The integration of PCMs into PV panels was first investigated by Stultz and Wen in 1978 and represented a pioneering approach to increasing the efficiency of electricity generation through passive cooling [20]. This method aimed to reduce the efficiency losses caused by high operating temperatures in PV systems by utilizing the unique thermal properties of PCMs. PCMs are materials that undergo phase transitions, typically between the solid and liquid states, during which they take in and emit thermal energy [21]. Through this phase change, PCMs can act as a thermal buffer and help to maintain the temperature of PV panels within the optimal operating range, thus reducing the negative effects of elevated temperatures on performance. In addition, passive cooling systems based on PCMs have several significant advantages. These systems efficiently regulate the temperature of the PV panels and offer high heat absorption rates with minimal material usage. They operate without power consumption and without moving parts, thus eliminating maintenance requirements and operating costs [22]. These characteristics make PCM-based cooling systems an attractive, cost-conscious way to enhance the sustainability and performance of photovoltaic systems.

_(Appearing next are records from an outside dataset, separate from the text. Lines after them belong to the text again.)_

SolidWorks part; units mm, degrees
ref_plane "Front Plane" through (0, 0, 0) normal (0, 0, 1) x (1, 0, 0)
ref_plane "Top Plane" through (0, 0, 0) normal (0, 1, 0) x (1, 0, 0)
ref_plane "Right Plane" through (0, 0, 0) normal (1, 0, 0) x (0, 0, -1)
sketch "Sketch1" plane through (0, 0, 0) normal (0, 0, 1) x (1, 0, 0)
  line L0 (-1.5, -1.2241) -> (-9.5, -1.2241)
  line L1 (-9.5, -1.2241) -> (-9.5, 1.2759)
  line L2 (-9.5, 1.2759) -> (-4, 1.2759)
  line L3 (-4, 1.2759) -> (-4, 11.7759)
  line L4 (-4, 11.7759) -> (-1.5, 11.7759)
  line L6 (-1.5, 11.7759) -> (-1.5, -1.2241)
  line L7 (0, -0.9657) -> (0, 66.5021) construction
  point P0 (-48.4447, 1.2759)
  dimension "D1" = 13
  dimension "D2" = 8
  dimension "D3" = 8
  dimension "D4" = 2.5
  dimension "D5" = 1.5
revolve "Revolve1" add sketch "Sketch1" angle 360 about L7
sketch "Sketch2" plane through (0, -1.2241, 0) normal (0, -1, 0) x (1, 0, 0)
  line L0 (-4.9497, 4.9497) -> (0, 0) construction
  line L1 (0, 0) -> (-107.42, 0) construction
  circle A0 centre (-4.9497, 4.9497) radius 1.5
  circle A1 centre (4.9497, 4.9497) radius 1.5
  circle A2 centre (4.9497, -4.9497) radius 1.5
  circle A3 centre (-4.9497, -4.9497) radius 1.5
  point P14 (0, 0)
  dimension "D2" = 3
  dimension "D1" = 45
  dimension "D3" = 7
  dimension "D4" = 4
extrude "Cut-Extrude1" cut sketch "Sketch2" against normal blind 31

This comprehensive review is motivated by the significant advances and growing interest in passive cooling strategies for silicon-based PV panels, particularly using PCMs, with final goal to improve energy conversion efficiency as well as longevity. A comprehensive review [23] published in 2016 highlighted various passive cooling techniques, such as heat pipe systems and cooling fins, but did not address PCMs. Since then, two recent studies have focused on the application of PCMs for passive cooling of PV panels. However, one of these studies [24] focused on photovoltaic/thermal (PV/T) systems, while the other [10] looked at concentrated photovoltaic (CPV) systems, both of which are outside the scope of this review. Subsequent reviews [25,26] have looked at both active and passive cooling methods and mentioned PCMs as a cooling option for PV panels. However, these reports didn’t elaborate on the specifics of passive cooling with PCMs. This points to a gap in the literature, as no comprehensive review has addressed passive cooling of PV panels with PCMs in the last five years. This gap underlines the need for a further targeted investigation of this topic, which is the main objective of this review work.

For this review work, relevant papers were identified by searching the Scopus® database using keywords such as “photovoltaic"," “PV"," “phase change material"," “PCM” and “passive cooling”. Fig. 1a shows the annual number of publications found on Scopus®, while Fig. 1b illustrates the subset of publications included in this review. Namely, studies that dealt with CPV systems, PV/T systems or sun-tracking photovoltaic panels were excluded to ensure that this review focused and limited by target on PV-PCM passive cooling systems.